Spatial transcriptomics is a new and exciting technology, allowing scientists to measure gene expression, sometimes at single-cell resolution, while preserving the spatial context of the biological sample. These approaches have provided new insights into spatial biology—patterns of expression during development and aging, cell-cell interactions, and cell neighborhoods underlying different phenotypes.
What motivated us to build TISSUE
Before we even considered developing TISSUE, we were interested in collecting spatial transcriptomics data on the adult mouse subventricular zone, a region of the brain that is resident to neural stem cells (NSCs). At that time, NSCs and their lineage had not been profiled using spatial transcriptomics so we selected our own marker genes for these cell types from existing single-cell RNAseq atlases and genes coding for known NSC markers. After performing a small-scale spatial transcriptomics experiment, we were dismayed to find that these markers were insufficient for identifying the cell types of the NSC lineage at the resolution that we desired.
Between a rock and a hard place
We seemingly had two options to move forward with the project, neither of which was particularly attractive at the time. The first option would be to redo the spatial transcriptomics experiment with a larger and redesigned gene panel, which would hopefully capture the NSC lineage cell types that we were interested in. This would be resource-intensive in both time and money. The second and more cost-efficient option would be to leverage computational methods for predicting spatial gene expression to augment the experimentally measured marker genes.
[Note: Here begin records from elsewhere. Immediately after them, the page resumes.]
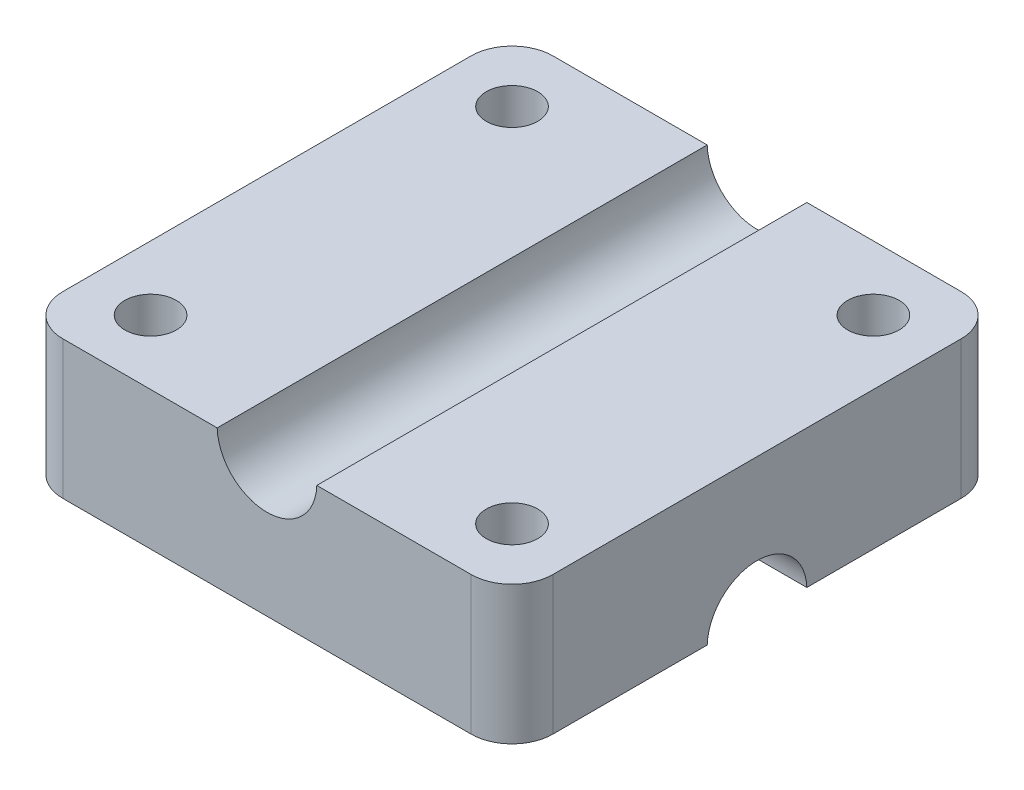
ISO-10303-21;
HEADER;
FILE_DESCRIPTION(('STEP AP214'),'2;1');
FILE_NAME('part.step','',(''),(''),'','','');
FILE_SCHEMA(('AUTOMOTIVE_DESIGN { 1 0 10303 214 1 1 1 1 }'));
ENDSEC;
DATA;
#1=APPLICATION_CONTEXT('core data for automotive mechanical design processes');
#2=APPLICATION_PROTOCOL_DEFINITION('international standard','automotive_design',2000,#1);
#3=PRODUCT_CONTEXT('',#1,'mechanical');
#4=PRODUCT('Part','Part','',(#3));
#5=PRODUCT_RELATED_PRODUCT_CATEGORY('part','',(#4));
#6=PRODUCT_DEFINITION_FORMATION('','',#4);
#7=PRODUCT_DEFINITION_CONTEXT('part definition',#1,'design');
#8=PRODUCT_DEFINITION('design','',#6,#7);
#9=PRODUCT_DEFINITION_SHAPE('','',#8);
#10=(LENGTH_UNIT() NAMED_UNIT(*) SI_UNIT(.MILLI.,.METRE.));
#11=(NAMED_UNIT(*) PLANE_ANGLE_UNIT() SI_UNIT($,.RADIAN.));
#12=(NAMED_UNIT(*) SI_UNIT($,.STERADIAN.) SOLID_ANGLE_UNIT());
#13=UNCERTAINTY_MEASURE_WITH_UNIT(LENGTH_MEASURE(1.E-05),#10,'distance_accuracy_value','');
#14=(GEOMETRIC_REPRESENTATION_CONTEXT(3) GLOBAL_UNCERTAINTY_ASSIGNED_CONTEXT((#13)) GLOBAL_UNIT_ASSIGNED_CONTEXT((#10,
#11,#12)) REPRESENTATION_CONTEXT('',''));
#15=CARTESIAN_POINT('',(0.,0.,0.));
#16=DIRECTION('',(0.,0.,1.));
#17=DIRECTION('',(1.,0.,0.));
#18=AXIS2_PLACEMENT_3D('',#15,#16,#17);
#19=CARTESIAN_POINT('',(0.,0.,0.));
#20=DIRECTION('',(0.,-1.,0.));
#21=DIRECTION('',(0.,0.,-1.));
#22=AXIS2_PLACEMENT_3D('',#19,#20,#21);
#23=PLANE('',#22);
#24=CARTESIAN_POINT('',(-11.24,0.,-11.24));
#25=DIRECTION('',(0.,-1.,0.));
#26=DIRECTION('',(0.,0.,-1.));
#27=AXIS2_PLACEMENT_3D('',#24,#25,#26);
#28=CIRCLE('',#27,1.6);
#29=CARTESIAN_POINT('',(-11.24,0.,-12.84));
#30=VERTEX_POINT('',#29);
#31=EDGE_CURVE('E434',#30,#30,#28,.T.);
#32=ORIENTED_EDGE('',*,*,#31,.F.);
#33=EDGE_LOOP('',(#32));
#34=FACE_BOUND('',#33,.T.);
#35=CARTESIAN_POINT('',(11.24,0.,-11.24));
#36=DIRECTION('',(0.,-1.,0.));
#37=DIRECTION('',(0.,0.,-1.));
#38=AXIS2_PLACEMENT_3D('',#35,#36,#37);
#39=CIRCLE('',#38,1.6);
#40=CARTESIAN_POINT('',(11.24,0.,-12.84));
#41=VERTEX_POINT('',#40);
#42=EDGE_CURVE('E427',#41,#41,#39,.T.);
#43=ORIENTED_EDGE('',*,*,#42,.F.);
#44=EDGE_LOOP('',(#43));
#45=FACE_BOUND('',#44,.T.);
#46=DIRECTION('',(-1.,0.,0.));
#47=VECTOR('',#46,1.);
#48=CARTESIAN_POINT('',(-15.24,0.,-15.24));
#49=LINE('',#48,#47);
#50=CARTESIAN_POINT('',(12.7,0.,-15.24));
#51=VERTEX_POINT('',#50);
#52=CARTESIAN_POINT('',(-12.7,0.,-15.24));
#53=VERTEX_POINT('',#52);
#54=EDGE_CURVE('E148',#51,#53,#49,.T.);
#55=ORIENTED_EDGE('',*,*,#54,.F.);
#56=CARTESIAN_POINT('',(12.7,0.,-12.7));
#57=DIRECTION('',(0.,-1.,0.));
#58=DIRECTION('',(0.,0.,-1.));
#59=AXIS2_PLACEMENT_3D('',#56,#57,#58);
#60=CIRCLE('',#59,2.54);
#61=CARTESIAN_POINT('',(15.24,0.,-12.7));
#62=VERTEX_POINT('',#61);
#63=EDGE_CURVE('E190',#51,#62,#60,.T.);
#64=ORIENTED_EDGE('',*,*,#63,.T.);
#65=DIRECTION('',(0.,0.,-1.));
#66=VECTOR('',#65,1.);
#67=CARTESIAN_POINT('',(15.24,0.,15.24));
#68=LINE('',#67,#66);
#69=CARTESIAN_POINT('',(15.24,0.,-3.09838667696593));
#70=VERTEX_POINT('',#69);
#71=EDGE_CURVE('E258',#70,#62,#68,.T.);
#72=ORIENTED_EDGE('',*,*,#71,.F.);
#73=DIRECTION('',(1.,0.,0.));
#74=VECTOR('',#73,1.);
#75=CARTESIAN_POINT('',(-24.0081240867132,0.,-3.09838667696593));
#76=LINE('',#75,#74);
#77=CARTESIAN_POINT('',(-15.24,0.,-3.09838667696593));
#78=VERTEX_POINT('',#77);
#79=EDGE_CURVE('E135',#78,#70,#76,.T.);
#80=ORIENTED_EDGE('',*,*,#79,.F.);
#81=DIRECTION('',(0.,0.,1.));
#82=VECTOR('',#81,1.);
#83=CARTESIAN_POINT('',(-15.24,0.,15.24));
#84=LINE('',#83,#82);
#85=CARTESIAN_POINT('',(-15.24,0.,-12.7));
#86=VERTEX_POINT('',#85);
#87=EDGE_CURVE('E142',#86,#78,#84,.T.);
#88=ORIENTED_EDGE('',*,*,#87,.F.);
#89=CARTESIAN_POINT('',(-12.7,0.,-12.7));
#90=DIRECTION('',(0.,-1.,0.));
#91=DIRECTION('',(0.,0.,-1.));
#92=AXIS2_PLACEMENT_3D('',#89,#90,#91);
#93=CIRCLE('',#92,2.54);
#94=EDGE_CURVE('E188',#86,#53,#93,.T.);
#95=ORIENTED_EDGE('',*,*,#94,.T.);
#96=EDGE_LOOP('',(#55,#64,#72,#80,#88,#95));
#97=FACE_BOUND('',#96,.T.);
#98=ADVANCED_FACE('F35',(#34,#45,#97),#23,.T.);
#99=CARTESIAN_POINT('',(0.,8.6,0.));
#100=DIRECTION('',(0.,-1.,0.));
#101=DIRECTION('',(0.,0.,-1.));
#102=AXIS2_PLACEMENT_3D('',#99,#100,#101);
#103=PLANE('',#102);
#104=CARTESIAN_POINT('',(11.24,8.6,-11.24));
#105=DIRECTION('',(0.,-1.,0.));
#106=DIRECTION('',(0.,0.,-1.));
#107=AXIS2_PLACEMENT_3D('',#104,#105,#106);
#108=CIRCLE('',#107,1.6);
#109=CARTESIAN_POINT('',(11.24,8.6,-12.84));
#110=VERTEX_POINT('',#109);
#111=EDGE_CURVE('E424',#110,#110,#108,.T.);
#112=ORIENTED_EDGE('',*,*,#111,.T.);
#113=EDGE_LOOP('',(#112));
#114=FACE_BOUND('',#113,.T.);
#115=CARTESIAN_POINT('',(11.24,8.6,11.24));
#116=DIRECTION('',(0.,-1.,0.));
#117=DIRECTION('',(0.,0.,-1.));
#118=AXIS2_PLACEMENT_3D('',#115,#116,#117);
#119=CIRCLE('',#118,1.6);
#120=CARTESIAN_POINT('',(11.24,8.6,9.64));
#121=VERTEX_POINT('',#120);
#122=EDGE_CURVE('E246',#121,#121,#119,.T.);
#123=ORIENTED_EDGE('',*,*,#122,.T.);
#124=EDGE_LOOP('',(#123));
#125=FACE_BOUND('',#124,.T.);
#126=DIRECTION('',(1.,0.,0.));
#127=VECTOR('',#126,1.);
#128=CARTESIAN_POINT('',(-15.24,8.6,15.24));
#129=LINE('',#128,#127);
#130=CARTESIAN_POINT('',(3.09838667696593,8.6,15.24));
#131=VERTEX_POINT('',#130);
#132=CARTESIAN_POINT('',(12.7,8.6,15.24));
#133=VERTEX_POINT('',#132);
#134=EDGE_CURVE('E205',#131,#133,#129,.T.);
#135=ORIENTED_EDGE('',*,*,#134,.T.);
#136=CARTESIAN_POINT('',(12.7,8.6,12.7));
#137=DIRECTION('',(0.,-1.,0.));
#138=DIRECTION('',(0.,0.,-1.));
#139=AXIS2_PLACEMENT_3D('',#136,#137,#138);
#140=CIRCLE('',#139,2.54);
#141=CARTESIAN_POINT('',(15.24,8.6,12.7));
#142=VERTEX_POINT('',#141);
#143=EDGE_CURVE('E181',#133,#142,#140,.F.);
#144=ORIENTED_EDGE('',*,*,#143,.T.);
#145=DIRECTION('',(0.,0.,-1.));
#146=VECTOR('',#145,1.);
#147=CARTESIAN_POINT('',(15.24,8.6,15.24));
#148=LINE('',#147,#146);
#149=CARTESIAN_POINT('',(15.24,8.6,-12.7));
#150=VERTEX_POINT('',#149);
#151=EDGE_CURVE('E158',#142,#150,#148,.T.);
#152=ORIENTED_EDGE('',*,*,#151,.T.);
#153=CARTESIAN_POINT('',(12.7,8.6,-12.7));
#154=DIRECTION('',(0.,-1.,0.));
#155=DIRECTION('',(0.,0.,-1.));
#156=AXIS2_PLACEMENT_3D('',#153,#154,#155);
#157=CIRCLE('',#156,2.54);
#158=CARTESIAN_POINT('',(12.7,8.6,-15.24));
#159=VERTEX_POINT('',#158);
#160=EDGE_CURVE('E179',#150,#159,#157,.F.);
#161=ORIENTED_EDGE('',*,*,#160,.T.);
#162=DIRECTION('',(-1.,0.,0.));
#163=VECTOR('',#162,1.);
#164=CARTESIAN_POINT('',(-15.24,8.6,-15.24));
#165=LINE('',#164,#163);
#166=CARTESIAN_POINT('',(3.09838667696593,8.6,-15.24));
#167=VERTEX_POINT('',#166);
#168=EDGE_CURVE('E262',#159,#167,#165,.T.);
#169=ORIENTED_EDGE('',*,*,#168,.T.);
#170=DIRECTION('',(0.,0.,1.));
#171=VECTOR('',#170,1.);
#172=CARTESIAN_POINT('',(3.09838667696593,8.6,-24.0081240867132));
#173=LINE('',#172,#171);
#174=EDGE_CURVE('E136',#167,#131,#173,.T.);
#175=ORIENTED_EDGE('',*,*,#174,.T.);
#176=EDGE_LOOP('',(#135,#144,#152,#161,#169,#175));
#177=FACE_BOUND('',#176,.T.);
#178=ADVANCED_FACE('F215',(#114,#125,#177),#103,.F.);
#179=CARTESIAN_POINT('',(15.24,8.6,15.24));
#180=DIRECTION('',(-1.,0.,0.));
#181=DIRECTION('',(0.,0.,1.));
#182=AXIS2_PLACEMENT_3D('',#179,#180,#181);
#183=PLANE('',#182);
#184=ORIENTED_EDGE('',*,*,#151,.F.);
#185=DIRECTION('',(0.,-1.,0.));
#186=VECTOR('',#185,1.);
#187=CARTESIAN_POINT('',(15.24,8.6,12.7));
#188=LINE('',#187,#186);
#189=CARTESIAN_POINT('',(15.24,0.,12.7));
#190=VERTEX_POINT('',#189);
#191=EDGE_CURVE('E168',#142,#190,#188,.T.);
#192=ORIENTED_EDGE('',*,*,#191,.T.);
#193=CARTESIAN_POINT('',(15.24,0.,3.09838667696593));
#194=VERTEX_POINT('',#193);
#195=EDGE_CURVE('E152',#190,#194,#68,.T.);
#196=ORIENTED_EDGE('',*,*,#195,.T.);
#197=CARTESIAN_POINT('',(15.24,-0.0999999999999994,0.));
#198=DIRECTION('',(1.,0.,0.));
#199=DIRECTION('',(0.,0.,-1.));
#200=AXIS2_PLACEMENT_3D('',#197,#198,#199);
#201=CIRCLE('',#200,3.1);
#202=EDGE_CURVE('E131',#70,#194,#201,.T.);
#203=ORIENTED_EDGE('',*,*,#202,.F.);
#204=ORIENTED_EDGE('',*,*,#71,.T.);
#205=DIRECTION('',(0.,-1.,0.));
#206=VECTOR('',#205,1.);
#207=CARTESIAN_POINT('',(15.24,8.6,-12.7));
#208=LINE('',#207,#206);
#209=EDGE_CURVE('E166',#62,#150,#208,.F.);
#210=ORIENTED_EDGE('',*,*,#209,.T.);
#211=EDGE_LOOP('',(#184,#192,#196,#203,#204,#210));
#212=FACE_BOUND('',#211,.T.);
#213=ADVANCED_FACE('F221',(#212),#183,.F.);
#214=CARTESIAN_POINT('',(-15.24,8.6,-15.24));
#215=DIRECTION('',(0.,0.,1.));
#216=DIRECTION('',(1.,0.,0.));
#217=AXIS2_PLACEMENT_3D('',#214,#215,#216);
#218=PLANE('',#217);
#219=ORIENTED_EDGE('',*,*,#168,.F.);
#220=DIRECTION('',(0.,-1.,0.));
#221=VECTOR('',#220,1.);
#222=CARTESIAN_POINT('',(12.7,8.6,-15.24));
#223=LINE('',#222,#221);
#224=EDGE_CURVE('E185',#159,#51,#223,.T.);
#225=ORIENTED_EDGE('',*,*,#224,.T.);
#226=ORIENTED_EDGE('',*,*,#54,.T.);
#227=DIRECTION('',(0.,-1.,0.));
#228=VECTOR('',#227,1.);
#229=CARTESIAN_POINT('',(-12.7,8.6,-15.24));
#230=LINE('',#229,#228);
#231=CARTESIAN_POINT('',(-12.7,8.6,-15.24));
#232=VERTEX_POINT('',#231);
#233=EDGE_CURVE('E183',#53,#232,#230,.F.);
#234=ORIENTED_EDGE('',*,*,#233,.T.);
#235=CARTESIAN_POINT('',(-3.09838667696593,8.6,-15.24));
#236=VERTEX_POINT('',#235);
#237=EDGE_CURVE('E261',#236,#232,#165,.T.);
#238=ORIENTED_EDGE('',*,*,#237,.F.);
#239=CARTESIAN_POINT('',(0.,8.7,-15.24));
#240=DIRECTION('',(0.,0.,1.));
#241=DIRECTION('',(1.,0.,0.));
#242=AXIS2_PLACEMENT_3D('',#239,#240,#241);
#243=CIRCLE('',#242,3.1);
#244=EDGE_CURVE('E256',#167,#236,#243,.F.);
#245=ORIENTED_EDGE('',*,*,#244,.F.);
#246=EDGE_LOOP('',(#219,#225,#226,#234,#238,#245));
#247=FACE_BOUND('',#246,.T.);
#248=ADVANCED_FACE('F279',(#247),#218,.F.);
#249=CARTESIAN_POINT('',(-15.24,8.6,15.24));
#250=DIRECTION('',(1.,0.,0.));
#251=DIRECTION('',(0.,0.,-1.));
#252=AXIS2_PLACEMENT_3D('',#249,#250,#251);
#253=PLANE('',#252);
#254=DIRECTION('',(0.,0.,1.));
#255=VECTOR('',#254,1.);
#256=CARTESIAN_POINT('',(-15.24,8.6,15.24));
#257=LINE('',#256,#255);
#258=CARTESIAN_POINT('',(-15.24,8.6,-12.7));
#259=VERTEX_POINT('',#258);
#260=CARTESIAN_POINT('',(-15.24,8.6,12.7));
#261=VERTEX_POINT('',#260);
#262=EDGE_CURVE('E198',#259,#261,#257,.T.);
#263=ORIENTED_EDGE('',*,*,#262,.F.);
#264=DIRECTION('',(0.,-1.,0.));
#265=VECTOR('',#264,1.);
#266=CARTESIAN_POINT('',(-15.24,8.6,-12.7));
#267=LINE('',#266,#265);
#268=EDGE_CURVE('E193',#259,#86,#267,.T.);
#269=ORIENTED_EDGE('',*,*,#268,.T.);
#270=ORIENTED_EDGE('',*,*,#87,.T.);
#271=CARTESIAN_POINT('',(-15.24,-0.0999999999999994,0.));
#272=DIRECTION('',(1.,0.,0.));
#273=DIRECTION('',(0.,0.,-1.));
#274=AXIS2_PLACEMENT_3D('',#271,#272,#273);
#275=CIRCLE('',#274,3.1);
#276=CARTESIAN_POINT('',(-15.24,0.,3.09838667696593));
#277=VERTEX_POINT('',#276);
#278=EDGE_CURVE('E128',#277,#78,#275,.F.);
#279=ORIENTED_EDGE('',*,*,#278,.F.);
#280=CARTESIAN_POINT('',(-15.24,0.,12.7));
#281=VERTEX_POINT('',#280);
#282=EDGE_CURVE('E139',#277,#281,#84,.T.);
#283=ORIENTED_EDGE('',*,*,#282,.T.);
#284=DIRECTION('',(0.,-1.,0.));
#285=VECTOR('',#284,1.);
#286=CARTESIAN_POINT('',(-15.24,8.6,12.7));
#287=LINE('',#286,#285);
#288=EDGE_CURVE('E50',#281,#261,#287,.F.);
#289=ORIENTED_EDGE('',*,*,#288,.T.);
#290=EDGE_LOOP('',(#263,#269,#270,#279,#283,#289));
#291=FACE_BOUND('',#290,.T.);
#292=ADVANCED_FACE('F138',(#291),#253,.F.);
#293=CARTESIAN_POINT('',(-15.24,8.6,15.24));
#294=DIRECTION('',(0.,0.,-1.));
#295=DIRECTION('',(-1.,0.,0.));
#296=AXIS2_PLACEMENT_3D('',#293,#294,#295);
#297=PLANE('',#296);
#298=DIRECTION('',(1.,0.,0.));
#299=VECTOR('',#298,1.);
#300=CARTESIAN_POINT('',(-15.24,0.,15.24));
#301=LINE('',#300,#299);
#302=CARTESIAN_POINT('',(-12.7,0.,15.24));
#303=VERTEX_POINT('',#302);
#304=CARTESIAN_POINT('',(12.7,0.,15.24));
#305=VERTEX_POINT('',#304);
#306=EDGE_CURVE('E150',#303,#305,#301,.T.);
#307=ORIENTED_EDGE('',*,*,#306,.T.);
#308=DIRECTION('',(0.,-1.,0.));
#309=VECTOR('',#308,1.);
#310=CARTESIAN_POINT('',(12.7,8.6,15.24));
#311=LINE('',#310,#309);
#312=EDGE_CURVE('E177',#305,#133,#311,.F.);
#313=ORIENTED_EDGE('',*,*,#312,.T.);
#314=ORIENTED_EDGE('',*,*,#134,.F.);
#315=CARTESIAN_POINT('',(0.,8.7,15.24));
#316=DIRECTION('',(0.,0.,1.));
#317=DIRECTION('',(1.,0.,0.));
#318=AXIS2_PLACEMENT_3D('',#315,#316,#317);
#319=CIRCLE('',#318,3.1);
#320=CARTESIAN_POINT('',(-3.09838667696593,8.6,15.24));
#321=VERTEX_POINT('',#320);
#322=EDGE_CURVE('E143',#321,#131,#319,.T.);
#323=ORIENTED_EDGE('',*,*,#322,.F.);
#324=CARTESIAN_POINT('',(-12.7,8.6,15.24));
#325=VERTEX_POINT('',#324);
#326=EDGE_CURVE('E162',#325,#321,#129,.T.);
#327=ORIENTED_EDGE('',*,*,#326,.F.);
#328=DIRECTION('',(0.,-1.,0.));
#329=VECTOR('',#328,1.);
#330=CARTESIAN_POINT('',(-12.7,8.6,15.24));
#331=LINE('',#330,#329);
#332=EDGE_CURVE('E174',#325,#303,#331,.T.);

We implemented several existing algorithms but were unable to confidently identify the cell types of interest even after imputing the expression of many additional marker genes.
A large part of this uncertainty revolved around the predicted expression of the marker genes. How accurate were the predictions? Could we trust them? This issue was further compounded by the high variability of prediction performance across different genes or cells. This meant that a method could make poor predictions for a gene and cell type even if it had great performance on other genes and cells. If only there was a way to know which predictions to trust!
The TISSUE framework
Seeing that there was no universal method for estimating uncertainty for spatial gene expression predictions, we set out to build our own method. We borrowed ideas from conformal inference, an approach in machine learning for calculating well-calibrated measures of uncertainty for model predictions, to generate a framework for estimating uncertainties for predicted spatial transcriptomics. We named this framework TISSUE (Transcript Imputation with Spatial Single-cell Uncertainty Estimation).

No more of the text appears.